Nationally, Nigeria had the third highest infant and child mortality rates globally in 2021, with 111 per 1,000 live births according to a World Bank report.

Immunisation rates, a critical medical intervention, are also low in these states. The 2021 MICS published by the National Bureau of Statics in collaboration with the United Nations Children Fund (UNICEF) shows that Sokoto, Bauchi and Gombe states have the highest number of zero-dose children – meaning those who have never been vaccinated.
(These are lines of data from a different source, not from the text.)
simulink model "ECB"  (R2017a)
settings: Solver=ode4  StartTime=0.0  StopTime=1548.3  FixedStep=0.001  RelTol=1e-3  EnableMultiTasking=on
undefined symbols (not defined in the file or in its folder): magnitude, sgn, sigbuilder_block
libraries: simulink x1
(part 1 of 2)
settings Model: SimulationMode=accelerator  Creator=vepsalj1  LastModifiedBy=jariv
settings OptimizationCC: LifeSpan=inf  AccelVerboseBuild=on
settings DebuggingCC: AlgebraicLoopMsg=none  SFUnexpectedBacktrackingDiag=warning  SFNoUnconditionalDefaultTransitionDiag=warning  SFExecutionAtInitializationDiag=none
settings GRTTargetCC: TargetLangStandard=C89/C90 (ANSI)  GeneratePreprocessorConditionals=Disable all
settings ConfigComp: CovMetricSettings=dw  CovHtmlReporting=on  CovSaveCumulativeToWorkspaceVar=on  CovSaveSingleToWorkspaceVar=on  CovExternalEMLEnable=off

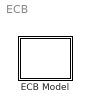
== system ECB ==
  ECB Model : Subsystem  mask{i=4.93, tRout=0.43, m=10500, Jm=0.63, Jt=8, head_wind=0, Cd=0.6, Ad=6.2, fr=0.008, kps=800, kis=0, kds=0, kps_park_multi=10, kpc=0.5, kic=80, kdc=0, Tmax=2080, Tbmax=30000, Rs=55e-3, Ls=5e-4, p=6, flux=0.42, Ppeak=207, Ich=282, Ids=395, soclim=90, vPart=4, aPart=4, x1=192, x2=2, Ah1=45, Rint1=2.5, C1=5, SOC0=85, Ta=20, Tb=20, Nnom=5000, NX=0, Rcor=1, Ccor=1, Ahcor=1, aux=5}
      mask prompts: i "Gear ratio (def 4.93)"; tRout "Tire diameter [m] (def 0.43)"; m "Vehicle mass [kg] (def 10500)"; Jm "Motor inertia [kgm2] (def 0.63)"; Jt "Tire inertia [kgm2] (def 8)"; head_wind "Head wind [m/s] (+ for drag)"; Cd "Coefficient of drag (def 0.493)"; Ad "Vehicle frontal area [m2] (def 6.2)"; fr "Rolling resistance coefficient (def 0.008)"; kps "Speed P gain (def  800)"; kis "Speed I gain (def 0)"; kds "Speed D gain (def 0)"; kps_park_multi "Speed P gain parking multiplier (def 10)"; kpc "Current P gain (def 0.5)"; kic "Current I gain (def 80)"; kdc "Current D gain (def 0)"; Tmax "Max. Motor Torque [Nm] (def 2080)"; Tbmax "Max. Braking Torque [Nm] (def 30 000)"; Rs "Internal resistance [ohm] (def 55e-3)"; Ls "Stator armature inductance [H] (def 5e-4)"; p "Number of pole pairs (def 6)"; flux "Flux induced by magnets [Vs] (def 0.42)"; Ppeak "Motor peak power (kW)"; Ich "Max. motor current when regenerating [A] (def 282)"; Ids "Max. motor current when motoring [A] (def 395)"; soclim "Battery SoC regeneration limit (%) (def 90)"; vPart "Regeneration velocity threshold [km/h] (def 4)"; aPart "Regeneration deceleration threshold [m/s^2] (def 4)"; x1 "Number of modules in series (def 192)"; x2 "Number of modules in parallel  (def 2)"; Ah1 "Nominal cell capacity [Ah] (def 45)"; Rint1 "Internal resistance of a module (mOhm) (@ 20 C) (def 2.5)"; C1 "Capacitance of a module [F] (def 5)"; SOC0 "State-of-Charge (%)"; Ta "Ambient temperature [C] (def 20)"; Tb "Battery temperature (C)"; Nnom "Number of cycles to 80 % aging (def 5000)"; NX "Cycle aging (20 % is EOL, 0 % is new)"; Rcor "Resistance gain"; Ccor "Capacitance gain"; Ahcor "Capacity gain"; aux "Aux power [kW] (constant) (def 5)"
      mask help:
      | Lithium-ion battery
      | - Max. Stepsize 0.2, otherwise there will be vibration in the beginning. Just to be on the safe side, recommended max.step 0.1
      mask init:
      | %MECHANICS
      | Jtot=(Jt*4)+(Jm*i^2);
      | %Four wheel plus the amplified inertia of the motor
      | 
      | %ELECTRONICS
      | PmotPeak=Ppeak*1000;
      | 
      | %BATTERY
      | SOD=[0;2.25000000000000;4;5.75000000000000;7.25000000000000;8.75000000000000;10.2500000000000;11.7500000000000;13.2500000000000;14.7500000000000;16.2500000000000;17.7500000000000;19.2500000000000;20.5000000000000;22;23.5000000000000;25;26.7500000000000;28.2500000000000;29.7500000000000;31.5000000000000;32.7500000000000;34.2500000000000;35.7500000000000;37.2500000000000;39.5000000000000;41.2500000000000;42.7500000000000;44.7500000000000;46.7500000000000;49;51;53.2500000000000;55.5000000000000;57.5000000000000;60;61.7500000000000;64;66.2500000000000;68.2500000000000;70.2500000000000;72.2500000000000;73.7500000000000;75.7500000000000;77.5000000000000;79;80.5000000000000;82;83.5000000000000;84.7500000000000;86.5000000000000;87.7500000000000;89.0000000000000;90.2500000000000;91.5000000000000;92.5000000000000;93.7500000000000;94.5000000000000;95;95.5000000000000;95.7500000000000;96.2500000000000;96.7500000000000;97.0000000000000;97.5000000000000;97.7500000000000;98.2500000000000;98.7500000000000;99.2500000000000;100];
      | VOLT=x1*1.015*[3.30000000000000;3.28450560652396;3.28018348623853;3.27431192660550;3.27308868501529;3.27125382262997;3.27003058103976;3.26819571865443;3.26697247706422;3.26574923547401;3.26452599388379;3.26269113149847;3.26146788990826;3.25963302752294;3.25779816513761;3.25596330275229;3.25474006116208;3.25290519877676;3.25107033639144;3.24862385321101;3.24678899082569;3.24495412844037;3.24311926605505;3.24128440366972;3.23944954128440;3.23761467889908;3.23516819571865;3.23272171253823;3.23027522935780;3.22844036697248;3.22599388379205;3.22354740061162;3.22110091743119;3.21865443425077;3.21559633027523;3.21253822629969;3.20948012232416;3.20703363914373;3.20458715596330;3.20214067278287;3.19969418960245;3.19663608562691;3.19296636085627;3.18868501529052;3.18379204892966;3.17828746177370;3.17278287461774;3.16666666666667;3.15932721712538;3.15076452599388;3.14097859327217;3.12996941896024;3.11712538226300;3.10305810397554;3.08654434250765;3.06880733944954;3.04740061162080;3.02354740061162;2.99785932721713;2.96850152905199;2.93486238532110;2.90061162079511;2.86330275229358;2.82354740061162;2.78012232415902;2.73425076452599;2.68409785932722;2.62782874617737;2.57033639143731;2.50305810397554];
      | 
      | VOLT0=interp1(SOD,VOLT,(1-SOC0/100));
      | % x1=number of cells in series
      | % x2=number of cells in parallel
      | 
      | Ah=x2*Ah1*Ahcor;
      | % Battery Characteristics
      | Qr=3600*Ah; %(coulomb) Nominal capacity in coulombs
      | 
      | N0=(Nnom/20)*NX; %From procentages of aging to number of cycles used
      | 
      | %R as a function of temperature, estimated from AMEsim battery (
      | %R = -0.000000063*Temp.^3+0.00000837*Temp.^2-0.000365*Temp+0.0068)
      | 
      | xx=(Rint1*10^-3)-(-0.000000063*20^3+0.00000837*20^2-0.000365*20);
      | Rint01 = -0.000000063*Tb^3+0.00000837*Tb^2-0.000365*Tb+xx;
      | 
      | Rint02=(x1/x2)*Rint01*Rcor;
      | R1=(2/3)*Rint02; %(ohm) (80 mOhm) (from Gao2002)
      | R2=(1/3)*Rint02; %(ohm) (40 mOhm)(from Gao2002)
      | 
      | Rint=(x1/x2)*Rint1*Rcor;
      | R1=(2/3)*Rint*10^-3; %(ohm) (80 mOhm) (from Gao2002)
      | R2=(1/3)*Rint*10^-3; %(ohm) (40 mOhm)(from Gao2002)
      | 
      | C=(x2/x1)*C1*Ccor;
      | 
      | %% Power converter efficiency
      | effeff=[0.148750893284055 0.459249842031262 0.572831006370283 0.661454547983232 0.702208498156483 0.745300650629634 0.774069453976362 0.802659853674854 0.819870547509622 0.839015378399121 0.851690885251339 0.864745206888717 0.872221885739442 0.879785746841656 0.890777178439945 0.900612362220784 0.905502967085794 0.910295193280307 0.914664248246699 0.916878485285563 0.919785184176078 0.917335161630957 0.920803182958674 0.925793859304388 0.930940164285346 0.936011371736695 0.937121595263058 0.938224789713163 0.941344451389100 0.942389340240952 0.941177012682751 0.942161786791917 0.946805761207415 0.951517305236046 0.956748293196982 0.957192859351870 0.957568033841468 0.956993932406603 0.960453080634668 0.958703134363870 0.958935623923192 0.960813757119483 0.960148641511847;0.382275397060378 0.606575062414118 0.724295084817057 0.763980132419977 0.817545815146612 0.836658234149830 0.850970215271699 0.875397571679227 0.885913726171233 0.897254928610336 0.906002057506642 0.916871389404069 0.925337547906322 0.929573292905226 0.935027508565980 0.934625050493851 0.936779709156045 0.942723985190616 0.945792130928845 0.947960897704374 0.947887831754402 0.950483214667466 0.954939155162541 0.957118148696677 0.962878037248519 0.964085567882039 0.964397321556185 0.966237886367941 0.967550686204577 0.967680328255962 0.968676606501984 0.968600791445791 0.969737387096799 0.970540279155023 0.970270355300112 0.969875112094269 0.970623441746216 0.971620597685068 0.971617448427293 0.973436842558703 0.971015950334548 0.972395281399074 0.972934205141957;0.502794468483159 0.704576784417921 0.780838362491516 0.824760271595067 0.855304468102641 0.874935150583253 0.890548161335983 0.898851103061955 0.911650918822123 0.920752385315524 0.923703036993863 0.938568143297259 0.941262344523035 0.939989162335414 0.947986636638787 0.950531267134112 0.950769184100132 0.953829085066537 0.957748210174090 0.952209232414559 0.959470289301486 0.965800711176068 0.969844708849249 0.970236996539206 0.971698393398446 0.973560393258196 0.972950737175279 0.973910716888667 0.975139162066989 0.975625795237705 0.974938242045002 0.974638822762701 0.975375940537886 0.975427862119037 0.975524897155774 0.977970674599018 0.977066843404792 0.976386481426328 0.978639106804244 0.976987258666757 0.976161252344463 0.974368520302056 0.979968848496111;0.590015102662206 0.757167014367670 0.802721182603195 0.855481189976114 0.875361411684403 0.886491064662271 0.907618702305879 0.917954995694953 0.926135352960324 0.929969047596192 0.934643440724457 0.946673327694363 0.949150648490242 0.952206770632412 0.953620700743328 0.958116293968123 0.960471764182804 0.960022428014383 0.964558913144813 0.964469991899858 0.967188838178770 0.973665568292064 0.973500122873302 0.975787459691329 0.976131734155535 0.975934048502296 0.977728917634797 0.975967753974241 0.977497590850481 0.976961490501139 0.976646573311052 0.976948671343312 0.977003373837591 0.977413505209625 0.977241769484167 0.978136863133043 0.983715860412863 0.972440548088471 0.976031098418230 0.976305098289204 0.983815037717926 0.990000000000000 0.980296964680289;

In Sokoto, more than half of the children (50.7%) were never vaccinated. Bauchi and Gombe also had high rates of zero-dose children at 35.3% and 34.4%, respectively. Other states with low immunisation rates include Zamfara (22.9%), Ondo (23.6%), Ogun (21.3%), Kano (30.2%), and Borno (32.3%).

Nigeria leads globally in the number of zero-dose children, with over 2.3 million unvaccinated, a figure the Pediatrics Association of Nigeria estimates has risen to 6.2 million.

Maternal mortality is another severe issue. Nigeria ranks as the second largest contributor to maternal mortality globally, losing an estimated 145 women daily according to UNICEF. The World Health Organization and Integrated African Health Observatory in 2023 listed Nigeria among countries with extremely high maternal mortality rates, with 1,047 deaths per 100,000 live births.

The 2023 report by NESG shows the national maternal mortality ratio was 196.6 per 100,000 live births in 2020, with states like Katsina (653), Zamfara (576), Kano (506.7), Sokoto (469.7), Jigawa (424.1), and Kebbi (286.3) exceeding this average. Ekiti State reported zero maternal mortality in the same period.

Katsina recorded 653 per 100,000 live births, Zamfara (576), Kano (506.7), Sokoto (469.7), Jigawa (424.1), Kebbi (286.3, Lagos (225.3), Abia (211.7), Akwa Ibom (202.3), Ebonyi (199.9), and Gombe (191).

According to the report, contributing factors to high maternal mortality rates include poor access to quality healthcare, inadequate infrastructure, and poorly equipped hospitals. Many women did not receive antenatal care and often gave birth at home without skilled attendants.

Available reports also suggest that limited access to antenatal, natal and post-natal care increases the risks of maternal deaths.

The 2021 MICS survey reveals that a significant proportion of women in some states did not attend antenatal care. Zamfara has the highest with 65.8%, followed by Sokoto (58.8%), Kebbi (50 5%), Katsina (37.0%), Bayelsa (32 3%) and Bauchi (31.3%).

These poor health outcomes in several states contribute to Nigeria’s overall negative health indices, positioning the country at an unenviable top spot in Africa and globally.